Não me rouba, porque a foto não é minha, mas que eu mesmo roubei  – e confessei – do  coleguinha Mário Marona, que a roubou do Carlos Contursi ou do Aírton (esqueci o sobrenome, perdão) , fotógrafos do Palácio Guanabara. Um dos dois, por sua vez, roubou, para imobilizar na imagem, uma fração de segundo a alegria daqueles meninos e meninas, da qual falei aqui.
Hoje, senhores e senhoras aí na beira de seus 40 anos, como a Marielle.
Nada de nós roubaram, Marceu, porque o que é nosso está no cofre forte da memória, o de onde viemos e do que seremos sempre. Roubaram destes meninos, destas meninas e continuam roubando, quando reduzem a segurança a muros, a fuzis, a balas .

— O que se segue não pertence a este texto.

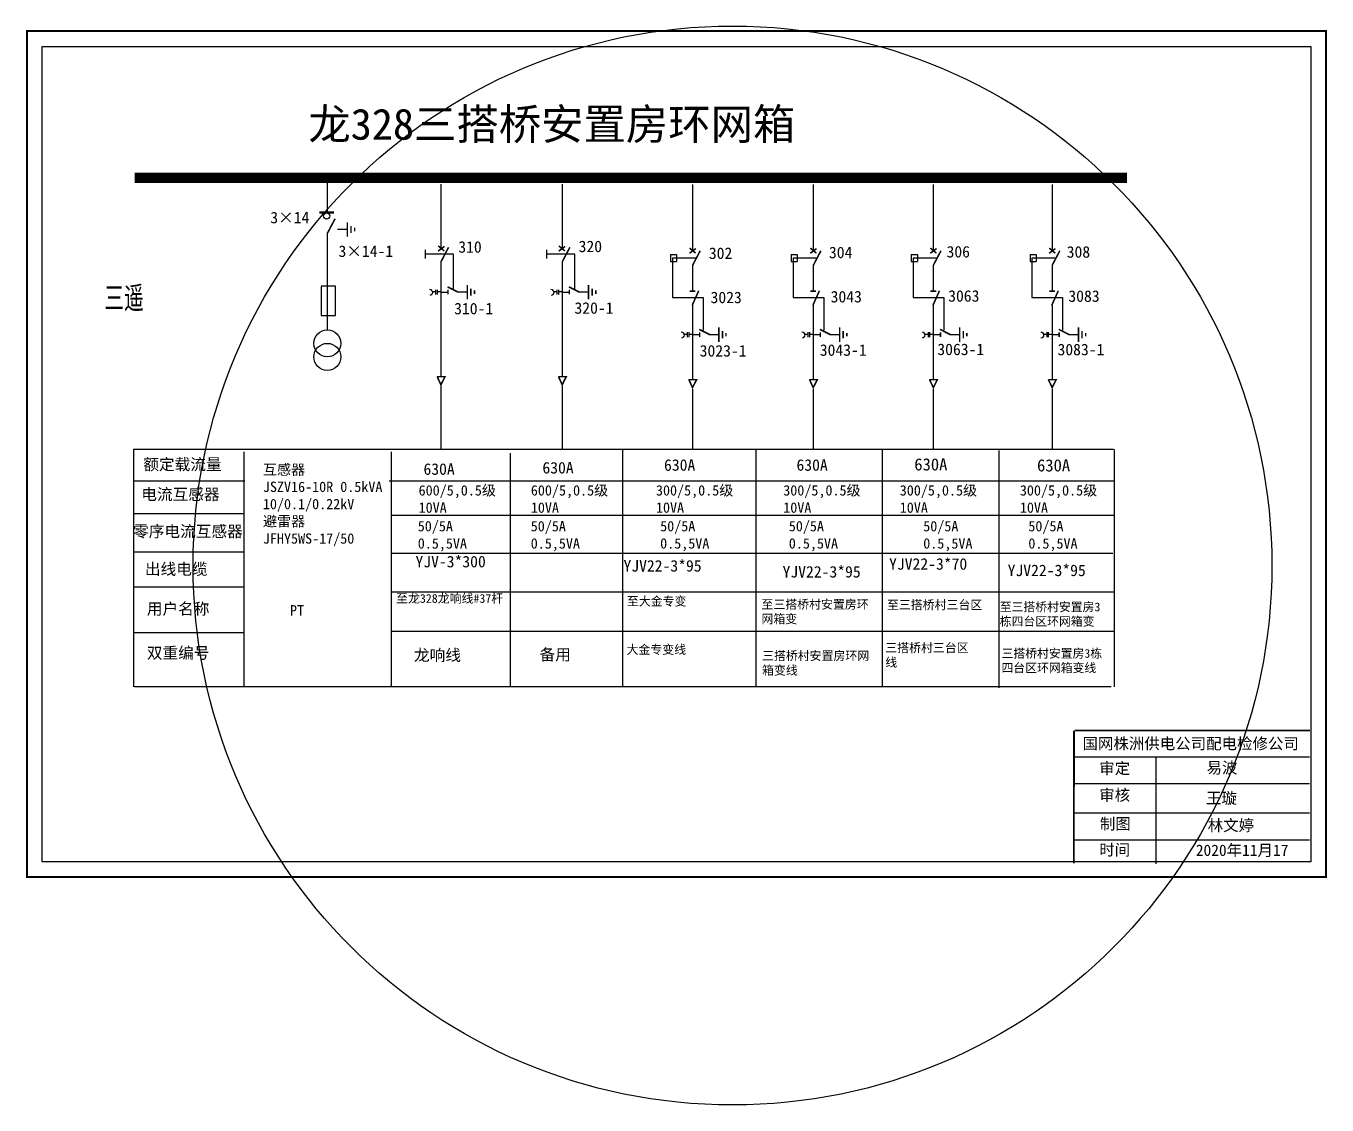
# Model space of a CAD drawing. Header units: millimetres. Extents: x 3120 to 3269, y 2656 to 2693.
# Drawn here: x 3224.13 to 3269.11, y 2656.09 to 2693.39 of the extents above; entities that cross this region are included whole.
import ezdxf

# ---------------------------------------------------------------- set-up
doc = ezdxf.new("R2010")
doc.units = ezdxf.units.MM
doc.linetypes.add('ACAD_ISO02W100', pattern=[15, 12, -3])
doc.linetypes.add('CENTER', pattern=[50.8, 31.75, -6.35, 6.35, -6.35])
doc.layers.add('2', color=7, linetype='Continuous')
doc.layers.add('3', color=7, linetype='Continuous')
doc.styles.add('hztxt_txtstyle_0.00_0_0', font='', dxfattribs={"bigfont": 'hztxt.shx'})
doc.styles.add('hztxt_txtstyle_2.70_0_0', font='simkai.ttf', dxfattribs={"height": 2.7})
doc.styles.add('字体', font='simkai_0.ttf', dxfattribs={"height": 1.95})
doc.styles.add('宋体', font='', dxfattribs={"width": 0.65})
doc.styles.get('hztxt_txtstyle_0.00_0_0').set_extended_font_data('hztxt')
doc.styles.get('宋体').set_extended_font_data('SimSun')

# ---------------------------------------------------------------- blocks, each defined once
blk = doc.blocks.new('JD')
for points in [[(-2, 0.2), (-2, -0.2), (2, 0.2), (2, -0.2)], [(1, -1.2), (1, -0.8), (-1, -1.2), (-1, -0.8)], [(-0.5, -1.8), (-0.5, -2.2), (0.5, -1.8), (0.5, -2.2)]]:
    blk.add_trace(points)

msp = doc.modelspace()

# ---------------------------------------------------------------- linework, layer by layer
at = {"color": 0}
for p, q in [((3234.537, 2688.141), (3234.537, 2686.964)), ((3238.47, 2687.926), (3238.47, 2685.738)), ((3242.664, 2687.926), (3242.664, 2685.738)), ((3247.17, 2687.913), (3247.17, 2685.617)), ((3251.344, 2687.913), (3251.344, 2685.617)), ((3255.495, 2687.913), (3255.495, 2685.617)), ((3259.604, 2687.913), (3259.604, 2685.617)), ((3234.543, 2686.236), (3234.543, 2682.897)), ((3234.895, 2686.368), (3235.232, 2686.368)), ((3238.47, 2685.25), (3238.47, 2681.276)), ((3242.664, 2685.25), (3242.664, 2681.276)), ((3246.408, 2685.492), (3246.622, 2685.492)), ((3246.408, 2685.492), (3246.408, 2685.255)), ((3246.408, 2685.255), (3246.622, 2685.255)), ((3246.622, 2685.492), (3246.622, 2685.255)), ((3247.17, 2685.129), (3247.17, 2684.243)), ((3250.581, 2685.492), (3250.795, 2685.492)), ((3250.581, 2685.492), (3250.581, 2685.255)), ((3250.581, 2685.255), (3250.795, 2685.255)), ((3250.795, 2685.492), (3250.795, 2685.255)), ((3251.344, 2685.129), (3251.344, 2684.243)), ((3254.733, 2685.492), (3254.947, 2685.492)), ((3254.733, 2685.492), (3254.733, 2685.255)), ((3254.733, 2685.255), (3254.947, 2685.255)), ((3254.947, 2685.492), (3254.947, 2685.255)), ((3255.495, 2685.129), (3255.495, 2684.243)), ((3258.841, 2685.492), (3259.055, 2685.492)), ((3258.841, 2685.492), (3258.841, 2685.255)), ((3258.841, 2685.255), (3259.055, 2685.255)), ((3259.055, 2685.492), (3259.055, 2685.255)), ((3259.604, 2685.129), (3259.604, 2684.243)), ((3238.47, 2684.195), (3238.717, 2684.195)), ((3239.04, 2684.202), (3239.377, 2684.202)), ((3242.664, 2684.195), (3242.912, 2684.195)), ((3243.235, 2684.202), (3243.572, 2684.202)), ((3247.17, 2683.8), (3247.17, 2681.184)), ((3251.344, 2683.8), (3251.344, 2681.184)), ((3255.495, 2683.8), (3255.495, 2681.184)), ((3259.604, 2683.8), (3259.604, 2681.184)), ((3247.17, 2682.726), (3247.418, 2682.726)), ((3247.741, 2682.733), (3248.078, 2682.733)), ((3251.344, 2682.726), (3251.591, 2682.726)), ((3251.914, 2682.733), (3252.251, 2682.733)), ((3255.495, 2682.726), (3255.743, 2682.726)), ((3256.066, 2682.733), (3256.402, 2682.733)), ((3259.604, 2682.726), (3259.851, 2682.726)), ((3260.174, 2682.733), (3260.511, 2682.733)), ((3231.695, 2677.66), (3227.863, 2677.66)), ((3231.681, 2676.533), (3227.849, 2676.533)), ((3231.681, 2675.204), (3227.849, 2675.204)), ((3231.666, 2673.99), (3227.834, 2673.99)), ((3231.68, 2672.412), (3227.848, 2672.412))]:
    msp.add_line(p, q, dxfattribs=at)
at = {"color": 0, "linetype": 'ACAD_ISO02W100'}
for p, q in [((3247.278, 2685.368), (3246.476, 2685.368)), ((3246.476, 2685.368), (3246.476, 2684.005)), ((3251.451, 2685.368), (3250.649, 2685.368)), ((3250.649, 2685.368), (3250.649, 2684.005)), ((3255.603, 2685.368), (3254.801, 2685.368)), ((3254.801, 2685.368), (3254.801, 2684.005)), ((3259.711, 2685.368), (3258.909, 2685.368)), ((3258.909, 2685.368), (3258.909, 2684.005)), ((3246.476, 2684.005), (3247.534, 2684.005)), ((3247.534, 2684.005), (3247.534, 2682.879)), ((3250.649, 2684.005), (3251.707, 2684.005)), ((3251.707, 2684.005), (3251.707, 2682.879)), ((3254.801, 2684.005), (3255.858, 2684.005)), ((3255.858, 2684.005), (3255.858, 2682.879)), ((3258.909, 2684.005), (3259.967, 2684.005)), ((3259.967, 2684.005), (3259.967, 2682.879))]:
    msp.add_line(p, q, dxfattribs=at)
at = {"color": 0, "linetype": 'CENTER'}
for p, q in [((3238.471, 2680.955), (3238.471, 2678.758)), ((3242.666, 2680.955), (3242.666, 2678.758)), ((3247.172, 2680.833), (3247.172, 2678.77)), ((3251.345, 2680.833), (3251.345, 2678.77)), ((3255.497, 2680.833), (3255.497, 2678.77)), ((3259.605, 2680.833), (3259.605, 2678.77))]:
    msp.add_line(p, q, dxfattribs=at)
at = {"color": 0, "linetype": 'Continuous'}
for p, q in [((3227.841, 2678.763), (3261.727, 2678.763)), ((3227.856, 2670.551), (3227.856, 2678.763)), ((3231.66, 2678.675), (3231.66, 2670.552)), ((3236.746, 2678.675), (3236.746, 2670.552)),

Daria uma crônica a oposição que fizeram – O Globo era a corneta – à ideia perdulária de fazer piscinas nas escolas “de pobre”. E como não podiam fazer isso, a suspeita era de “corrupção” na comprados equipamentos, bombas, filtros e outras quinquilharias para duas dúzias de escolas que receberam as piscinas, nos mais de 500 Cieps construídos.
Brizola saiu, as piscinas fecharam, quase todas. Viraram criadouros de mosquito e outras foram aterradas, para que não o fossem. Umas poucas sobreviveram, pela garra teimosa dos professores, diretores e animadores.
Quisemos levar escolas, algumas até com esta “louca ideia” das piscinas, às favelas. Eles só querem levar polícia, quando não preferem mesmo tanques de guerra. Nós preferimos tanques de água, mais baratos até que os de aço e canhões.
Os Cieps que restarem, entre os que ainda restam, um dia serão , como  nos versos do Chico Buarque, “vestígios da estranha civilização” que quisemos criar  e que deu lugar a esta, onde os banhos são de lágrimas, quando não são mesmo de sangue. Não importa, não se afobe, não, que futuras crianças brincarão, “sem saber, com o amor que um dia, deixei pra você”.
Tudo valeu a pena, porque a alma nunca foi pequena.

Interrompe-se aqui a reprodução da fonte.